Jesús, el Cristo, abrió los ojos y se encontró frente al mar. Inmenso, con un color ceniza que se encrespaba con lentitud hacia bermejo con la luz que rebotaba en sus pequeñas olas, impulsadas por un débil viento que sacudía sus cabellos. Inabarcable, estando ahí, quizás como siempre había estado durante tantos años y años, guardando secretos olvidados de todos los hombres y mujeres que alguna vez posaron en sus orillas, como él ahora, sentado y desnudo, mirando lo que nunca será visto.
Se reflejaba en sus ojos el rumor de mareas y pesares, fija la mirada en cualquier punto, que en todos se sentía el pesado tiempo. Habría venido de ese mar también, como todos, madre primordial que a todos clamaba con su hechizo, canto oscuro de abismos que habían emergido, arrojándose a la vida. Aquel mar de tanto mar, y quizás (¿quizás él?) deseaba que fuera por un momento fuente estancada y clara, sobre la cual inclinarse para reconocer su rostro. Tanto le habían pintado e imaginado que se pensaría un tanto desdibujado. Así ahora, sus cabellos suaves y sueltos y del color del sol, alto, de mirada serena y rostro proporcionado, porque siendo Hijo para quienes lo habían entronizado en el altar que jamás soñó, tenía que ser lo más bello. Tan fuerte era lo que le imponían, que ya no veían esas ropas sucias y miserables que fue, vestida de su piel morena y nariz grande, en la querida y violenta y recordada Galilea, transitando allí macerado por el duro sol y los fríos cortantes de invierno. Otras capas le asignaron, nadie quiso dejarlo desnudo en su última soledad, y cada deseo, cada esperanza, cada perversión, lo fue arropando: un día amaneció revolucionario centroamericano o soldado de la república; otro, sostuvo a una madre de seno desgarrado en sangre, o golpeó con su severo rostro hasta sacarle los dientes al enemigo; algunas mañanas entraba en su maltratada burra a Jerusalén, o en su hermoso caballo también Pantócrator, y Mendigo luego Hacendado, y tantos rostros que ya no sabía cuál era el suyo, y el mar, siempre el mar ahí, tranquilo, sin tormenta.

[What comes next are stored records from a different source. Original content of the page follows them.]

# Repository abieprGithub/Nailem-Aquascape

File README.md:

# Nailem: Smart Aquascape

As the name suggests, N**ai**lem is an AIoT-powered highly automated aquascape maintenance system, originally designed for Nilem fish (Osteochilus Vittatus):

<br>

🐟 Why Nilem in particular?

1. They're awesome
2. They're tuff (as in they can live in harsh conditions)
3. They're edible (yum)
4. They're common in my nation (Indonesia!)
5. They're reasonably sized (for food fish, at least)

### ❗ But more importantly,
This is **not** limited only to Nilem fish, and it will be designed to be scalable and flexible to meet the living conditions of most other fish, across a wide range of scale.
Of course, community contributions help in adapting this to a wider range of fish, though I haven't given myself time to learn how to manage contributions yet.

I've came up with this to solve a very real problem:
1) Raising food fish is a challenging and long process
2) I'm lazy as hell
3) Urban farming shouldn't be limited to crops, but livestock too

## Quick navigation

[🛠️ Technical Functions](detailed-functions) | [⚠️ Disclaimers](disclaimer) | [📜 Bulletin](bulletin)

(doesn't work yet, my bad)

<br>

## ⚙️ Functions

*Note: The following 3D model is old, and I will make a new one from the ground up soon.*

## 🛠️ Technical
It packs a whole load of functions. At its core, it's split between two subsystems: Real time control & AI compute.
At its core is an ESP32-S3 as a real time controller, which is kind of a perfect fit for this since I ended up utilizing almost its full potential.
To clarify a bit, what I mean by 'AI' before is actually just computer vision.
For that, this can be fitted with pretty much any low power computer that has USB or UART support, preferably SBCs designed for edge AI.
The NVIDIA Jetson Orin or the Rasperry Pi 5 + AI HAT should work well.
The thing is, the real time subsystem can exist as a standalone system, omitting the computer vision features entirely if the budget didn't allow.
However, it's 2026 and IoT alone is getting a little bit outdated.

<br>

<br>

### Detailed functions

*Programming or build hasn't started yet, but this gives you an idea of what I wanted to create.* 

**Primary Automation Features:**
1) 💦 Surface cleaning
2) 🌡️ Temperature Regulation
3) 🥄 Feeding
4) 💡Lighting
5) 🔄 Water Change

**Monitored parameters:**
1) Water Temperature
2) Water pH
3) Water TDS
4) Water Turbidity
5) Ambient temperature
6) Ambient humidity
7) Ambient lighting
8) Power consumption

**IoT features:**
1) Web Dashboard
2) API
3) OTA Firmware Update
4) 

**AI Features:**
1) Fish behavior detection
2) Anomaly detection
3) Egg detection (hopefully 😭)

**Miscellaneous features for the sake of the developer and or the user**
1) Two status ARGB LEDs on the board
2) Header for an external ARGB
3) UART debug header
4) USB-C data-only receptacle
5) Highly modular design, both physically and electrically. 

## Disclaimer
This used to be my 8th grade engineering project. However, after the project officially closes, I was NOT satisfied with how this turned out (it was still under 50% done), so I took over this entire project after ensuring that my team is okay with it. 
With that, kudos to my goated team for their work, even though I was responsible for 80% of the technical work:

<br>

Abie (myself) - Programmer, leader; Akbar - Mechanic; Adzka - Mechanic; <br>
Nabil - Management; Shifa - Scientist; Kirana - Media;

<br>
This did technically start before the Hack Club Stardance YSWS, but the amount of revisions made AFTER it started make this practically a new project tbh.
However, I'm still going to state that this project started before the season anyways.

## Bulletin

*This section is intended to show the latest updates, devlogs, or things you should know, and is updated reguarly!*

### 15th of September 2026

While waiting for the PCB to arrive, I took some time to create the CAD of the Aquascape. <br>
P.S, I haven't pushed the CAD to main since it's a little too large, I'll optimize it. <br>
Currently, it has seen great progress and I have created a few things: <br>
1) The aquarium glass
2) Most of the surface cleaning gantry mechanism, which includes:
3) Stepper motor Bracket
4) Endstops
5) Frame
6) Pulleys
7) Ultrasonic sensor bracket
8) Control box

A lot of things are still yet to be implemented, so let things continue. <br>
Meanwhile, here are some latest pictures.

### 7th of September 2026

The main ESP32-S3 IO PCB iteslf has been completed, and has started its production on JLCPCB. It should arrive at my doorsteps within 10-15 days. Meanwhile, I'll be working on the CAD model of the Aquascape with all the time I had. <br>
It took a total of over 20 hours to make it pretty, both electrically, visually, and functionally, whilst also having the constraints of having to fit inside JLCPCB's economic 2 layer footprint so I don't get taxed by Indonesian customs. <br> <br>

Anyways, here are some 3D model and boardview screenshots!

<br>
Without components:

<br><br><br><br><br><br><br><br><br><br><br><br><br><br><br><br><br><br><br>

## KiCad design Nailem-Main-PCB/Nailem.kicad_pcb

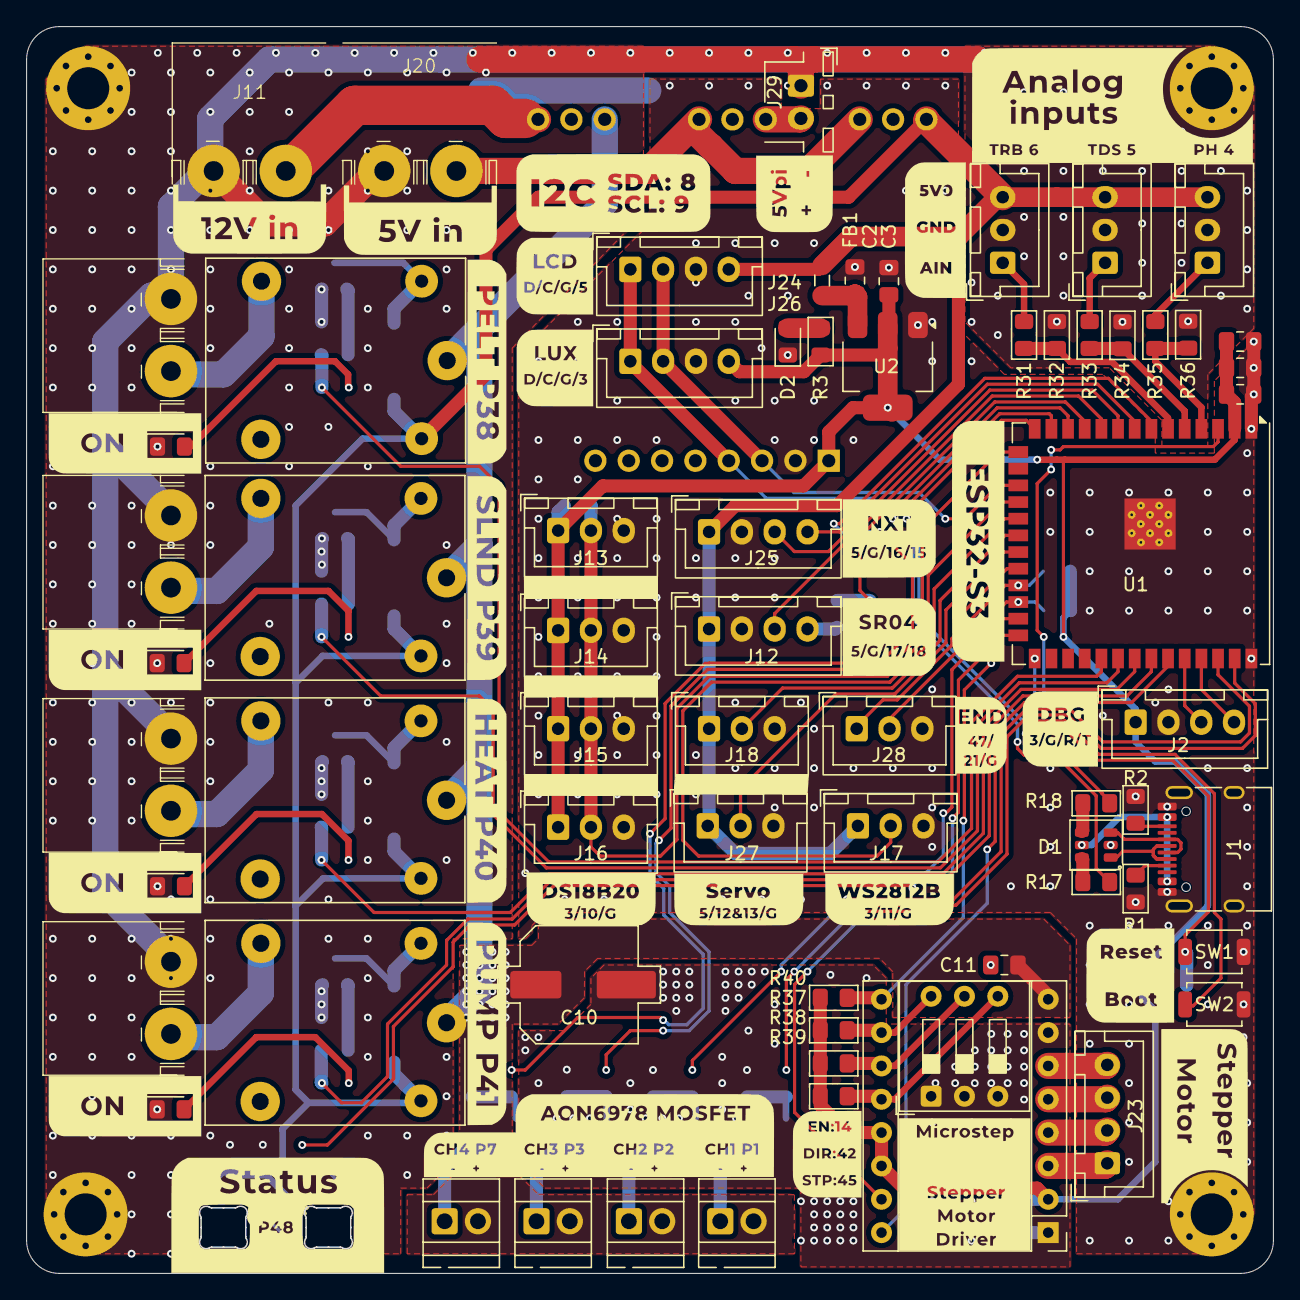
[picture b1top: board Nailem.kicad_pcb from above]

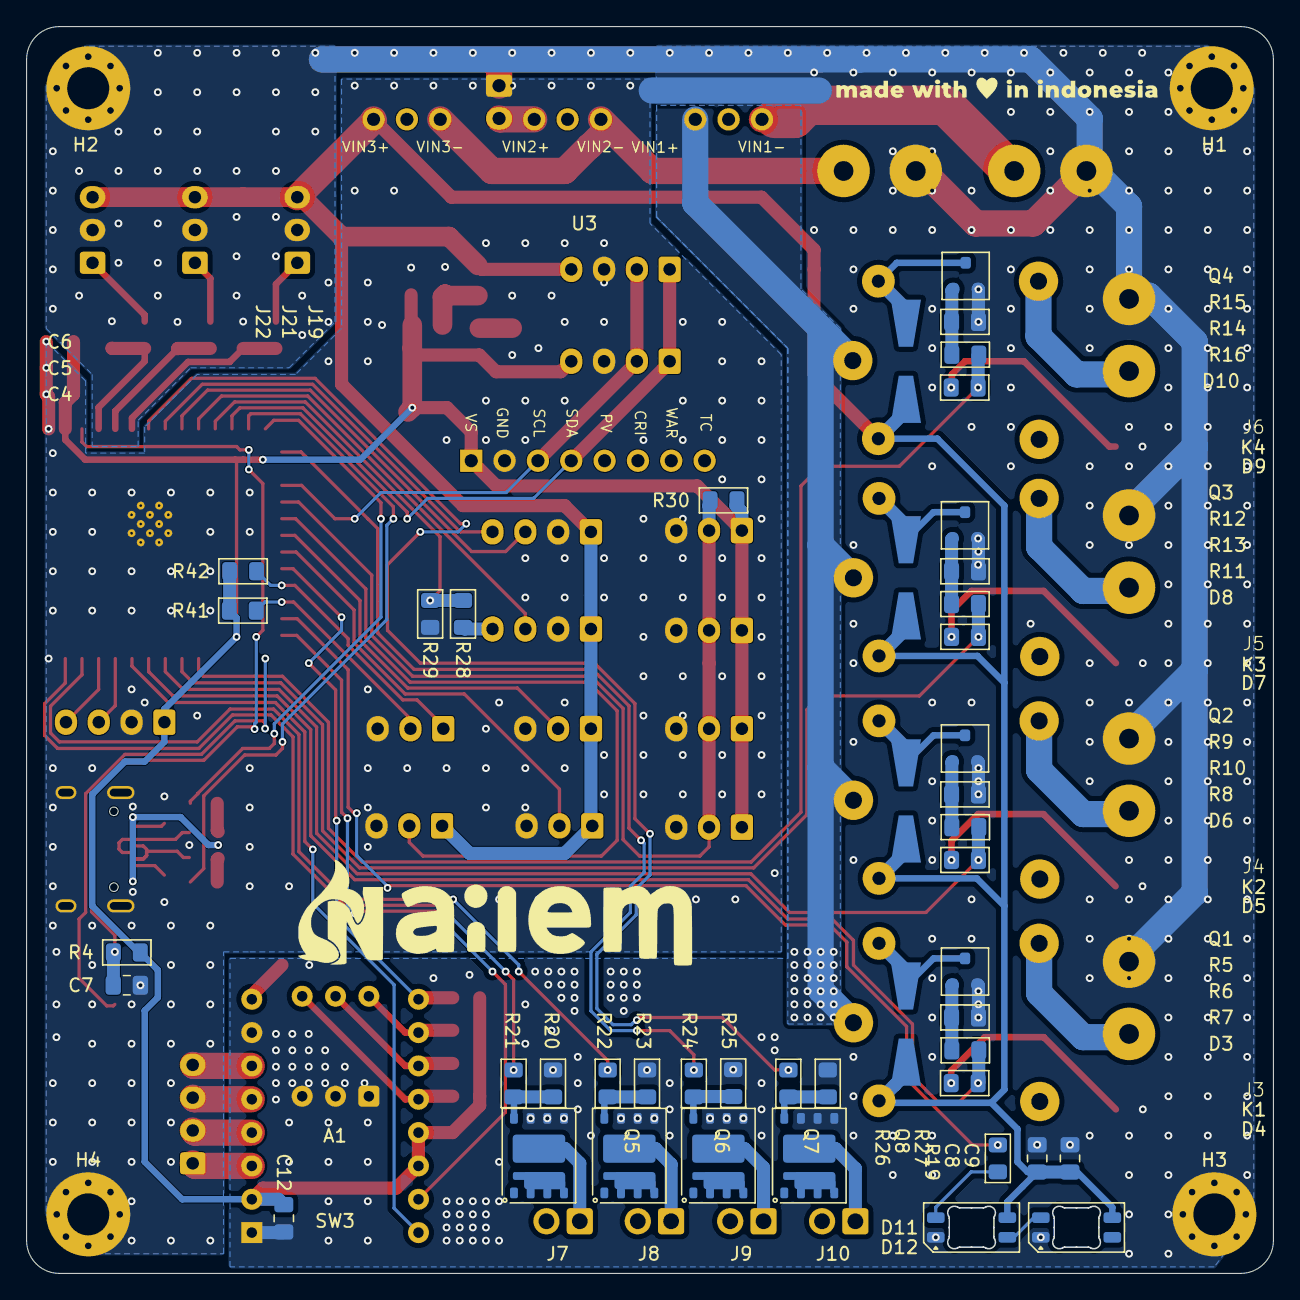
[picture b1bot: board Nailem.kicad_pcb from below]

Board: 2 copper layers, 95.0 x 95.0 mm, 118 parts (46 on the bottom side), 86 nets.

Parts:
A1: Pololu_Breakout_A4988; Pololu_Breakout-16_15.2x20.3mm
C2, C3, C4: 10uF; C_0805_2012Metric_Pad1.18x1.45mm_HandSolder
C5, C7: 1uF; C_0805_2012Metric_Pad1.18x1.45mm_HandSolder
C6, C8, C9, C11, C12: 100nF; C_0805_2012Metric_Pad1.18x1.45mm_HandSolder
C10: 100uF; C_Elec_8x10.2
D1: USBLC6-2SC6; SOT-23-6
D2, D4, D5, D7, D9: LED; LED_0805_2012Metric_Pad1.15x1.40mm_HandSolder
D3, D6, D8, D10: 1N4007; D_SMA-SMB_Universal_Handsoldering_NoSilk
D11, D12: SK6812MINI-E; LED_SK6812MINI-E_3.2x2.8mm_P1.5mm_ReverseMount
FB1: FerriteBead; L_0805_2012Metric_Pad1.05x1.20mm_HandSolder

Pasaban, deslizándose con suavidad, blancas gaviotas. Hubieran podido ser negras, o quizás rojas guacamayas, y el mar río tumultuoso rodeado de jacarandáes y la bullicia del universo, pero no, era el mar y las gaviotas. Estaba ahí, y lo sabía, como hubiera podido estar frente a un abismo, o al borde de una fabulosa ciudad, pero no, estaba ahí, frente al mar. De nuevo, su imagen. Y sabía (¿él?) que era otra fábula, aunque sin saber si era él el que fabulaba o era el fabulado. No importa. Miraba el mar, aunque no podía evitar pensar en su imagen otra vez, que volvía sobre las olas bermejas. Quizás ni siquiera lo habría pensado. Un oscuro y olvidado pueblo de Galilea, un mensaje sensato que para él fue tan elemental empezar a predicar, tan humano y tan cierto, y unos cuantos conflictos. Era previsible que le mataran, pero ni siquiera eso: en medio del tumulto fue arreado y colgado, uno más de tantos, para dar ejemplo. Tan elemental su presencia en aquellos sus amigos, tan elemental su entusiasmo, como elemental el agua que está ahí, sacudiéndose con lentitud pero con una fuerza escondida y paciente. Años, voces, tormentas, multitudes y pequeños grupos que van y vienen, esperanzas y defraudados, vidas que pasan y gira la noria y molinos y máquinas y de pronto como planetas dando vueltas veloces máquinas metálicas y rostros en pantallas y aún le preguntan, y quizás nunca responda del todo. Y el mar ahí, lento.